| Task statement |
Report how many lines in the listing below include the string "entities", and write nothing more.

| Extracted records |

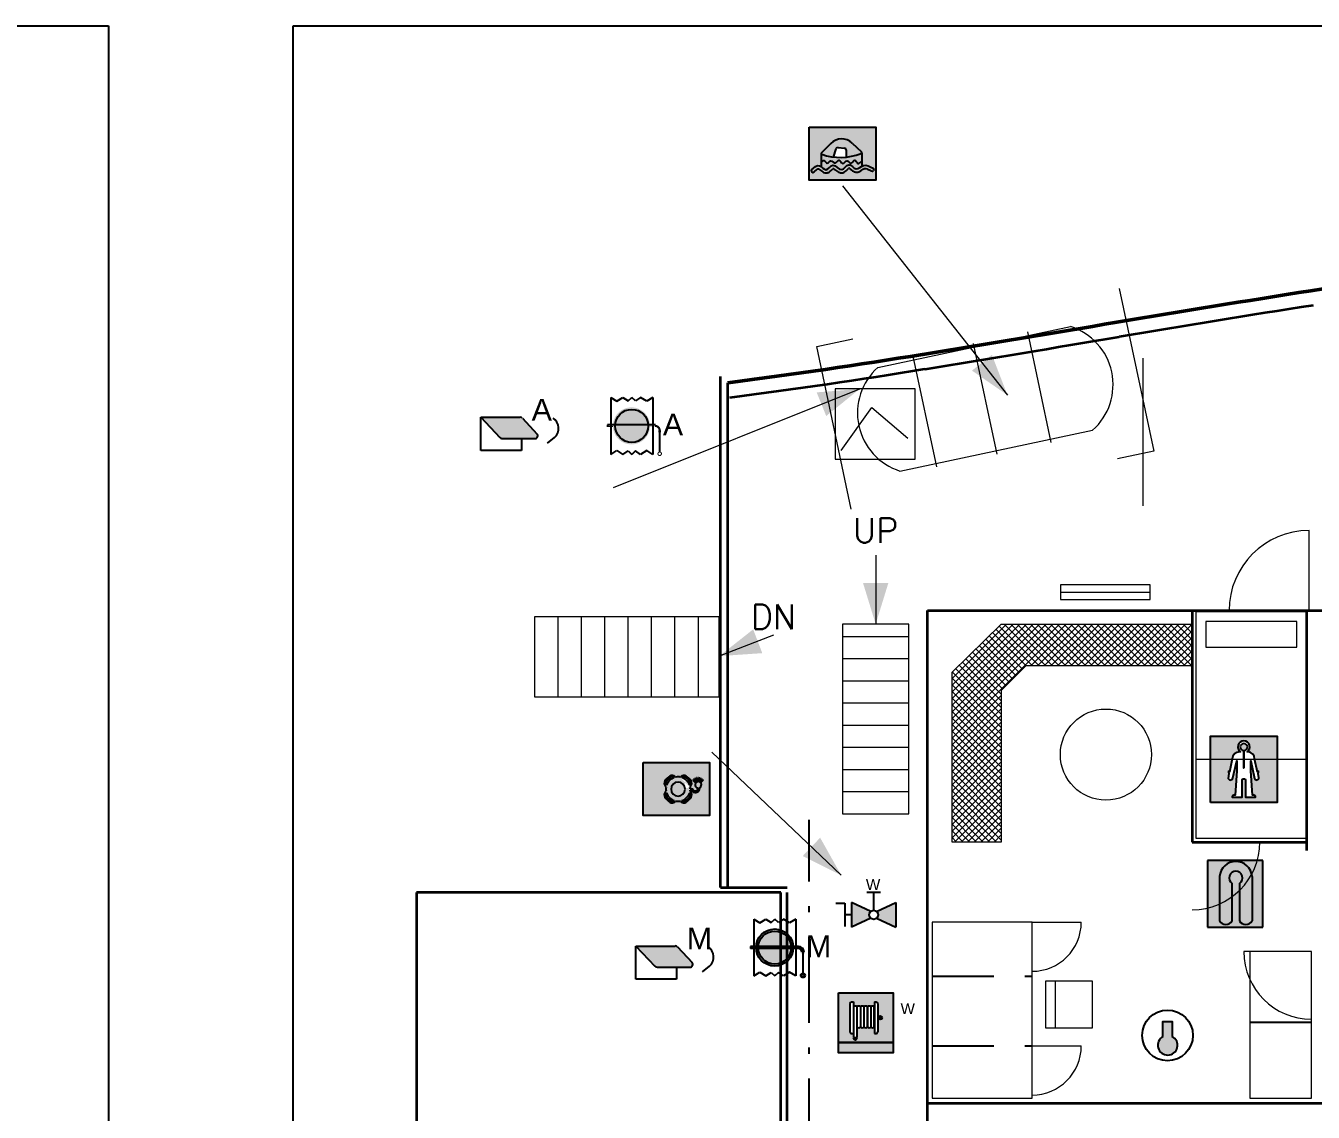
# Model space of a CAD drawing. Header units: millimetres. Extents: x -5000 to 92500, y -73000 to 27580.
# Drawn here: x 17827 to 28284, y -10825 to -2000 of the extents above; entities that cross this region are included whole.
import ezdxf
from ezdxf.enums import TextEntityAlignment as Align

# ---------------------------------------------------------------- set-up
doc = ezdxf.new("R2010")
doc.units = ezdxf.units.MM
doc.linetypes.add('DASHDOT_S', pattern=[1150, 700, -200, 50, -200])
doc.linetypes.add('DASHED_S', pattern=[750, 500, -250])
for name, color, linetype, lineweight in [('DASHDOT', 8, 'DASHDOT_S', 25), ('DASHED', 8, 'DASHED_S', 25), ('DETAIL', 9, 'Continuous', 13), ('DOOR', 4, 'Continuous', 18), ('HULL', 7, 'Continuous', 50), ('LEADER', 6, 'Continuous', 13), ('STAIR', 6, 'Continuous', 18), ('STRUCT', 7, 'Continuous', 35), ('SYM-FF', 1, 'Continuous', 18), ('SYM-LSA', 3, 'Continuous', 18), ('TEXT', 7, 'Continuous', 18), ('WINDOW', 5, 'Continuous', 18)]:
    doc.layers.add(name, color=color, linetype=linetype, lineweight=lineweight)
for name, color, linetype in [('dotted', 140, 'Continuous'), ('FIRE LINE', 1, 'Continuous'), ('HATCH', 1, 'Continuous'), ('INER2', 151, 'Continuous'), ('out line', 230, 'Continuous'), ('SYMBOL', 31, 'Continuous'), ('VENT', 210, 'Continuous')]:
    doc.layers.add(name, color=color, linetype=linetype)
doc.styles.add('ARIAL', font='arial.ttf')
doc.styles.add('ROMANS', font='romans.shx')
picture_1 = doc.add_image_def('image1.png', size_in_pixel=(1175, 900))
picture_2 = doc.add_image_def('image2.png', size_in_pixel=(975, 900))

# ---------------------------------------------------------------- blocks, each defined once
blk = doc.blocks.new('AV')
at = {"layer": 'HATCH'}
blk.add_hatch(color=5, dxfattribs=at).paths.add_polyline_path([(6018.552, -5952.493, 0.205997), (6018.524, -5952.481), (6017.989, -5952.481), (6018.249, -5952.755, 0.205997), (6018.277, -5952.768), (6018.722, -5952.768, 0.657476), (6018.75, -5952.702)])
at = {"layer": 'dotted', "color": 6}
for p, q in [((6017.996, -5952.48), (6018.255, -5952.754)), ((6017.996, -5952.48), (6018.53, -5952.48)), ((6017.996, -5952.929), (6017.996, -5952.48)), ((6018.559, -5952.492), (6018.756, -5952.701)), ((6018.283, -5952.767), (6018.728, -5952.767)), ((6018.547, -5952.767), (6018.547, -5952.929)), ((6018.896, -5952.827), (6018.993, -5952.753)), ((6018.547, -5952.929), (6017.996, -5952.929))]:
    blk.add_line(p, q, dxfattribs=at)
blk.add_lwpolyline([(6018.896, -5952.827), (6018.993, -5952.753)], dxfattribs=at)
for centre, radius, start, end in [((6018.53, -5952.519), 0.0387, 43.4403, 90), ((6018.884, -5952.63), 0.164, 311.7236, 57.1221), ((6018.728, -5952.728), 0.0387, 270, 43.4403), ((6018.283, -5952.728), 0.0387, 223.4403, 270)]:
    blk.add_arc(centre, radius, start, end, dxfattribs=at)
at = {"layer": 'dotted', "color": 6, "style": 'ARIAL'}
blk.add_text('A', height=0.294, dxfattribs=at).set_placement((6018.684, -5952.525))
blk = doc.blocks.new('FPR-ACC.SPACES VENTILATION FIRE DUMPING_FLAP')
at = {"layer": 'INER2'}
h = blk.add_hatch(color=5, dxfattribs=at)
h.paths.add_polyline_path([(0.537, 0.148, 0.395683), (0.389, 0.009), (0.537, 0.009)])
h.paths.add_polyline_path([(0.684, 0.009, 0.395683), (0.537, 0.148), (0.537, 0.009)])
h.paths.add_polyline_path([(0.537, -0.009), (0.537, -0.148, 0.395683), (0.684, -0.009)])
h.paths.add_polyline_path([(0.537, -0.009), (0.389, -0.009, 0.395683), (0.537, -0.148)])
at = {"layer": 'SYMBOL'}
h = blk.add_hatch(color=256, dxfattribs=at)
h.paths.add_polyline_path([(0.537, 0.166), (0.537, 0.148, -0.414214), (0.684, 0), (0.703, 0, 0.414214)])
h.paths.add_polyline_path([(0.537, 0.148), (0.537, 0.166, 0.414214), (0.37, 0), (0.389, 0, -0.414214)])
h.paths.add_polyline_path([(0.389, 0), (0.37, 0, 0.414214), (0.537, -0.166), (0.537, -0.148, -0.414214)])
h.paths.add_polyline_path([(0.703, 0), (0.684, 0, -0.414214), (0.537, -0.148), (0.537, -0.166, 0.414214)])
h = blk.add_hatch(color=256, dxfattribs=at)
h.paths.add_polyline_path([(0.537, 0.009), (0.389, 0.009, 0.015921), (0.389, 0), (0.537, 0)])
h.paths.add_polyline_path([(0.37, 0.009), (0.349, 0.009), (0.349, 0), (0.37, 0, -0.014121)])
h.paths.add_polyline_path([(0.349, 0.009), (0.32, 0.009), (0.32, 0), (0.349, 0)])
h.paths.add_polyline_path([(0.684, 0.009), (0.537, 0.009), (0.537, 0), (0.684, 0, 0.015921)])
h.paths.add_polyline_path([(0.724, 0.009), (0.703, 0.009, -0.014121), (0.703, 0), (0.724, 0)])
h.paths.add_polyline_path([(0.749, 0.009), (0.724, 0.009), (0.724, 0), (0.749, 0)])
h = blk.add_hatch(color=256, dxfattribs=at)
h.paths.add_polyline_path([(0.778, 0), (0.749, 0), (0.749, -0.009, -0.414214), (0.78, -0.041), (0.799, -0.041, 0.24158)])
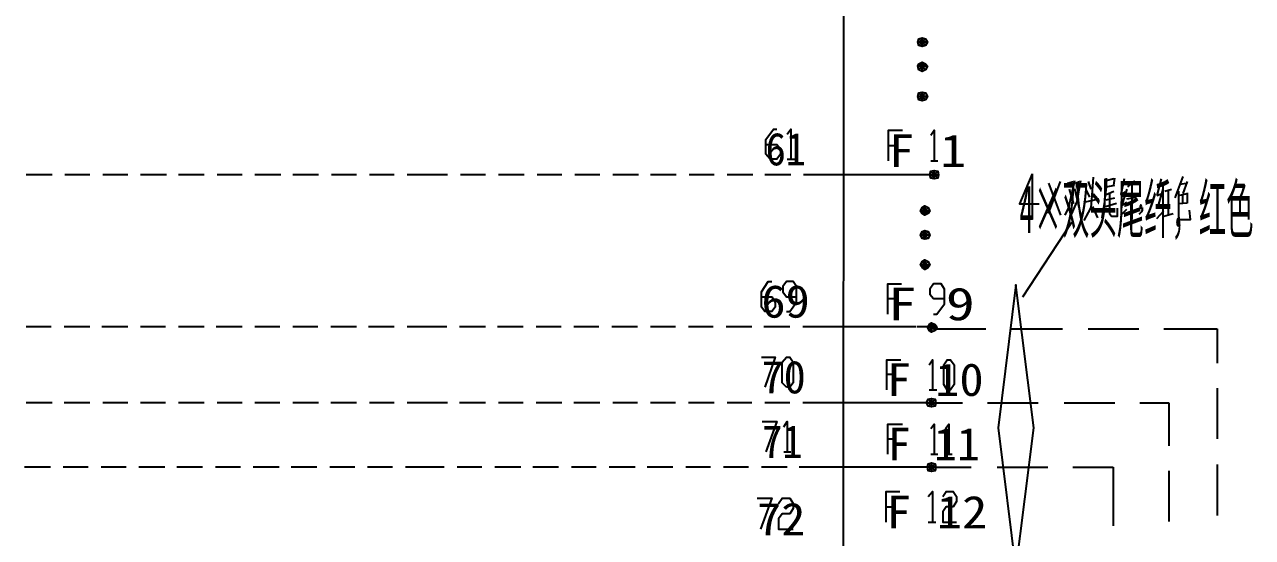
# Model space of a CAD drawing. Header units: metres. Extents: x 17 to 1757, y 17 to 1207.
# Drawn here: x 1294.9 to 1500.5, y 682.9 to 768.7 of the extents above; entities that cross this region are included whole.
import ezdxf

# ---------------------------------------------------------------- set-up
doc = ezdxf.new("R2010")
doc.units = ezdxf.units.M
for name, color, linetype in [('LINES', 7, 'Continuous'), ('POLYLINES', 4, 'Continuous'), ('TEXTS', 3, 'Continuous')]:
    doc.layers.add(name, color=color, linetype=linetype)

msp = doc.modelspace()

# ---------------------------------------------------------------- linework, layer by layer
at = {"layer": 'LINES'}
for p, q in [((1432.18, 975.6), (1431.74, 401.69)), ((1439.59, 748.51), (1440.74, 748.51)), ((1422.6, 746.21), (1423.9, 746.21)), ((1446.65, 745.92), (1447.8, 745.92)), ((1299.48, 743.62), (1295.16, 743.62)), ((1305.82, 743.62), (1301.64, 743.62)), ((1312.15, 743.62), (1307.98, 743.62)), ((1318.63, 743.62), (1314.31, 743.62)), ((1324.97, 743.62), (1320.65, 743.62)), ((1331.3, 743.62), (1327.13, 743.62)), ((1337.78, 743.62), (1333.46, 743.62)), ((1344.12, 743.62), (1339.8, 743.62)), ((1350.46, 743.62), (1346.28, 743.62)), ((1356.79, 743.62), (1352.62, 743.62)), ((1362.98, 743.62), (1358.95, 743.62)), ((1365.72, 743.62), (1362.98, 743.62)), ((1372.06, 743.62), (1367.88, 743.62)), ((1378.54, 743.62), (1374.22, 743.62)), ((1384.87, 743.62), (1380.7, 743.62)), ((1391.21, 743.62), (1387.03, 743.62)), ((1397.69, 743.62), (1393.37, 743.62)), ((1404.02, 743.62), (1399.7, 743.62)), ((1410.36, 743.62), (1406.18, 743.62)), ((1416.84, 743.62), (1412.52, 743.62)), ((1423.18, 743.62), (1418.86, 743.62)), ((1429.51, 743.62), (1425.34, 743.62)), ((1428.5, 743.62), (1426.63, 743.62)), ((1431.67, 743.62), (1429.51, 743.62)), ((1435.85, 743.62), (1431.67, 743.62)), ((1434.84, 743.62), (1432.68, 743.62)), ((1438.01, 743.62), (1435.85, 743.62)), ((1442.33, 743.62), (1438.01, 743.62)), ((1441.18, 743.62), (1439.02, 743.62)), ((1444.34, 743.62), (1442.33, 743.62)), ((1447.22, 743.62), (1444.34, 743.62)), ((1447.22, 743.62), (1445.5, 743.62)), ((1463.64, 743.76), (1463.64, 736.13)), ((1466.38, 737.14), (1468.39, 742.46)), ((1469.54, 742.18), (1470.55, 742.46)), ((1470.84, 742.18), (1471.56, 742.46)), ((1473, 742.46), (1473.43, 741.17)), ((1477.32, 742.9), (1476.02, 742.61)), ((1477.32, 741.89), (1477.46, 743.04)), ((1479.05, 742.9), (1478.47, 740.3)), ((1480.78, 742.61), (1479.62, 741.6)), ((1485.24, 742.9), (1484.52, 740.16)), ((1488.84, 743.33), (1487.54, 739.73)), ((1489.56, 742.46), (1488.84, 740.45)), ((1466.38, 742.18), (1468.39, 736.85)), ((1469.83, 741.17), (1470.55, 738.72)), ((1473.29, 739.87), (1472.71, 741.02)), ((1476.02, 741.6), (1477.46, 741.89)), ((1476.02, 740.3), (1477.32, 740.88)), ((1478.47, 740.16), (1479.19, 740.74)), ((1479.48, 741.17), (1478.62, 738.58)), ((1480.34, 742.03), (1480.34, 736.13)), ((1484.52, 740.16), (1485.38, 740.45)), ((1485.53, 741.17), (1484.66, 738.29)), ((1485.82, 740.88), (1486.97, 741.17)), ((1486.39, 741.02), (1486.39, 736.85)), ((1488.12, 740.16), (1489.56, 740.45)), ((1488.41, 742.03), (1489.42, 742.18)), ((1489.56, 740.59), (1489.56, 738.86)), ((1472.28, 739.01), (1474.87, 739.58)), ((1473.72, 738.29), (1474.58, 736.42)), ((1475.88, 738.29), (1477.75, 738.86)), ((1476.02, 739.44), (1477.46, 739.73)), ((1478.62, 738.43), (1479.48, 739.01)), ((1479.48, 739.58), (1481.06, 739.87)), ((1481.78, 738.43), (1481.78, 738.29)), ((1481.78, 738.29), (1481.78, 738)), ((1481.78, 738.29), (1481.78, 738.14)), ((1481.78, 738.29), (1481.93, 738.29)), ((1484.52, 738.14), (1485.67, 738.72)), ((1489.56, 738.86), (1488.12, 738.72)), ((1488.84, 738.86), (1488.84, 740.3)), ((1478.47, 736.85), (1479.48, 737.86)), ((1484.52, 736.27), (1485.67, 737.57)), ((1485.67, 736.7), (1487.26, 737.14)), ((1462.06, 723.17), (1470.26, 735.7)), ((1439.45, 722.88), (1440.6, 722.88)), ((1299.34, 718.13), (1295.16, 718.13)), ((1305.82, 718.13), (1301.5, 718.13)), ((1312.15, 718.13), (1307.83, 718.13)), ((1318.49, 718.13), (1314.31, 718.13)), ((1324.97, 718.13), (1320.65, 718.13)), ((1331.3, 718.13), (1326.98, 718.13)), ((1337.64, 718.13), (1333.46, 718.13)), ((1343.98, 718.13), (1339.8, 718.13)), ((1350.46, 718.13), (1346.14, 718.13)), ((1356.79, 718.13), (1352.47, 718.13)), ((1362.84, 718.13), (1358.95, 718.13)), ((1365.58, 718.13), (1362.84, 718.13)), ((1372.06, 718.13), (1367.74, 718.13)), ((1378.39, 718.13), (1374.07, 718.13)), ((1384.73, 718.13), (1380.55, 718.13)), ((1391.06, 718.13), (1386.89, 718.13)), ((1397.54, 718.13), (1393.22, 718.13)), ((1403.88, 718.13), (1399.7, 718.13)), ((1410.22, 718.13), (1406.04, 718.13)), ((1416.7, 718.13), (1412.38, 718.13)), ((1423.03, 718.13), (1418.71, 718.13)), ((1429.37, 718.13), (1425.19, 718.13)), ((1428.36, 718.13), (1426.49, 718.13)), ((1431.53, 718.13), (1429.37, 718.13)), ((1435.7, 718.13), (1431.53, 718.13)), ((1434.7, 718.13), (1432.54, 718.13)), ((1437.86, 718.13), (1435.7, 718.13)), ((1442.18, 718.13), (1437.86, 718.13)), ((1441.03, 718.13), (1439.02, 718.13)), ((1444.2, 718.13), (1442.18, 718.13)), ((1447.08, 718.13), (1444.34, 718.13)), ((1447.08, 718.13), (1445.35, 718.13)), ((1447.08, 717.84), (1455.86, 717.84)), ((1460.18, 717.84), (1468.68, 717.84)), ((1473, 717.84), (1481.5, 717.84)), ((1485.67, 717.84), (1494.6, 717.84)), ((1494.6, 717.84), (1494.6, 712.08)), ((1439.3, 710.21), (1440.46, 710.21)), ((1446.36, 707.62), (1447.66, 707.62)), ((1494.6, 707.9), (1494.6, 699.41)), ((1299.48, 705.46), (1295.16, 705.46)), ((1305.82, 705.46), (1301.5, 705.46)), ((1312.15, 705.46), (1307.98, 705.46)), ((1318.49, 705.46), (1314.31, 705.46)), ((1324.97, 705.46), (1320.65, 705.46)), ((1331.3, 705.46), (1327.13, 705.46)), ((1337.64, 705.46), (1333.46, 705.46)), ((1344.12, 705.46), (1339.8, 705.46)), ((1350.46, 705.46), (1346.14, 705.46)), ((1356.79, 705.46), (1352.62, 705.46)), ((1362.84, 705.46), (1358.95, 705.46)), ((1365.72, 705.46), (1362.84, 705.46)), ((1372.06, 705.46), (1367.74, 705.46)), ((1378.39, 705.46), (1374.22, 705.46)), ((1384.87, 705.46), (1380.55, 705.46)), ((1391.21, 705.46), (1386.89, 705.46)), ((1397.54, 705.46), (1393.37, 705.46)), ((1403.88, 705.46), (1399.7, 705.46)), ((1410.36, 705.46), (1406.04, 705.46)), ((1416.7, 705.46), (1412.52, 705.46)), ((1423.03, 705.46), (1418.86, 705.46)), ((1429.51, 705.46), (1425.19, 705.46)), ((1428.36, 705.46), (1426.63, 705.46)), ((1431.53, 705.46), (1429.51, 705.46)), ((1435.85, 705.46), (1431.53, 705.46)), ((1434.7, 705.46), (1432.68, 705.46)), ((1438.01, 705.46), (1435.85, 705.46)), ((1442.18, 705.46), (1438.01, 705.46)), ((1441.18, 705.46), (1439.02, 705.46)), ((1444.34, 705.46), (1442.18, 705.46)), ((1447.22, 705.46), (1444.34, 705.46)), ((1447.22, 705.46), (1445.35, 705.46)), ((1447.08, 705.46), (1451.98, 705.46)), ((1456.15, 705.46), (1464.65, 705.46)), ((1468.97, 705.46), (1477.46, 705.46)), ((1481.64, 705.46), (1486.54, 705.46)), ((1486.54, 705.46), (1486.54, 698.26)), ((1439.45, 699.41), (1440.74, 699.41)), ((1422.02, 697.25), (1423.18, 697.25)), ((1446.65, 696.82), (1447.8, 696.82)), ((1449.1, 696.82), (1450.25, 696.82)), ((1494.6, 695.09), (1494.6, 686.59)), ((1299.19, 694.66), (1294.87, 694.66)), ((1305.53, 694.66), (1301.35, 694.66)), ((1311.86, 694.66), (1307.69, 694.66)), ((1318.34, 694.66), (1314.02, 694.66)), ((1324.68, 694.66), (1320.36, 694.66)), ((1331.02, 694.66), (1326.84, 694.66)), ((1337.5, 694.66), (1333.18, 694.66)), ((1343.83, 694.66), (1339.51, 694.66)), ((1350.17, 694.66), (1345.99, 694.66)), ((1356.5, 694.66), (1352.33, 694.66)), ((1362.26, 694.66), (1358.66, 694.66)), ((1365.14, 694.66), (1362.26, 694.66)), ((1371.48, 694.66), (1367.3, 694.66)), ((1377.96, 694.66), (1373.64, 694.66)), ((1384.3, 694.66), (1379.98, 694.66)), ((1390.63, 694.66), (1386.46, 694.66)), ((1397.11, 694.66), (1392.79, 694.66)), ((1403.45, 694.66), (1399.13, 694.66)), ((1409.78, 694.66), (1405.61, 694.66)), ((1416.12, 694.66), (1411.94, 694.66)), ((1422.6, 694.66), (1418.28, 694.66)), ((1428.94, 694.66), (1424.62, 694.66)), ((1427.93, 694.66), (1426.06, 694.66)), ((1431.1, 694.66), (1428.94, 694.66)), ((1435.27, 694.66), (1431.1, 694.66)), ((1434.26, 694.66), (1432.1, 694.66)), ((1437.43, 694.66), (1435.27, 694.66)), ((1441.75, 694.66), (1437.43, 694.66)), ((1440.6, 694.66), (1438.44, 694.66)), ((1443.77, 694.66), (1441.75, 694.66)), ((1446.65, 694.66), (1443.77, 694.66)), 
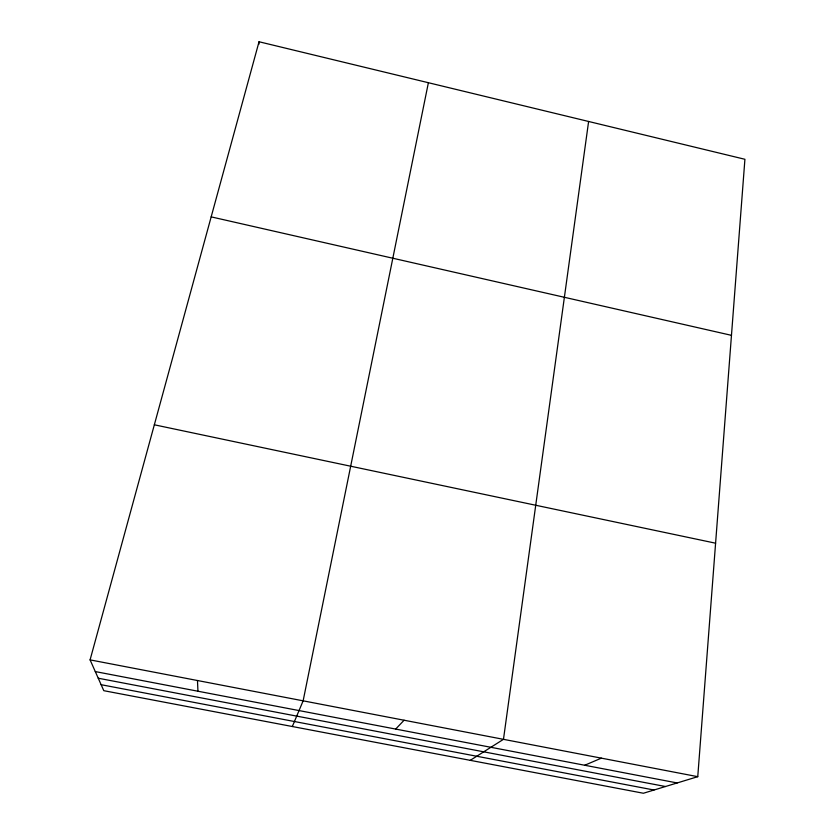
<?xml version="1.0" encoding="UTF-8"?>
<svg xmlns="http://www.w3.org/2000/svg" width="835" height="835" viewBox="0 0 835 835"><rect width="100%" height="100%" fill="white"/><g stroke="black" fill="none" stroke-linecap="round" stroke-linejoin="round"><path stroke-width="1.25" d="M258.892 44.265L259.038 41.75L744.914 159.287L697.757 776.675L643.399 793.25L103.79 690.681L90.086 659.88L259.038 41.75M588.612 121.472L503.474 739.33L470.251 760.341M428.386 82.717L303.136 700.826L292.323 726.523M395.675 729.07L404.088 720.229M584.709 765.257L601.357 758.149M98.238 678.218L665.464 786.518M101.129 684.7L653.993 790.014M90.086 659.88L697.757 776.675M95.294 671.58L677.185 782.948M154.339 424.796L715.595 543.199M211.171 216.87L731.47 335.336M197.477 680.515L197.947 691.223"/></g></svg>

| Problem solution |
2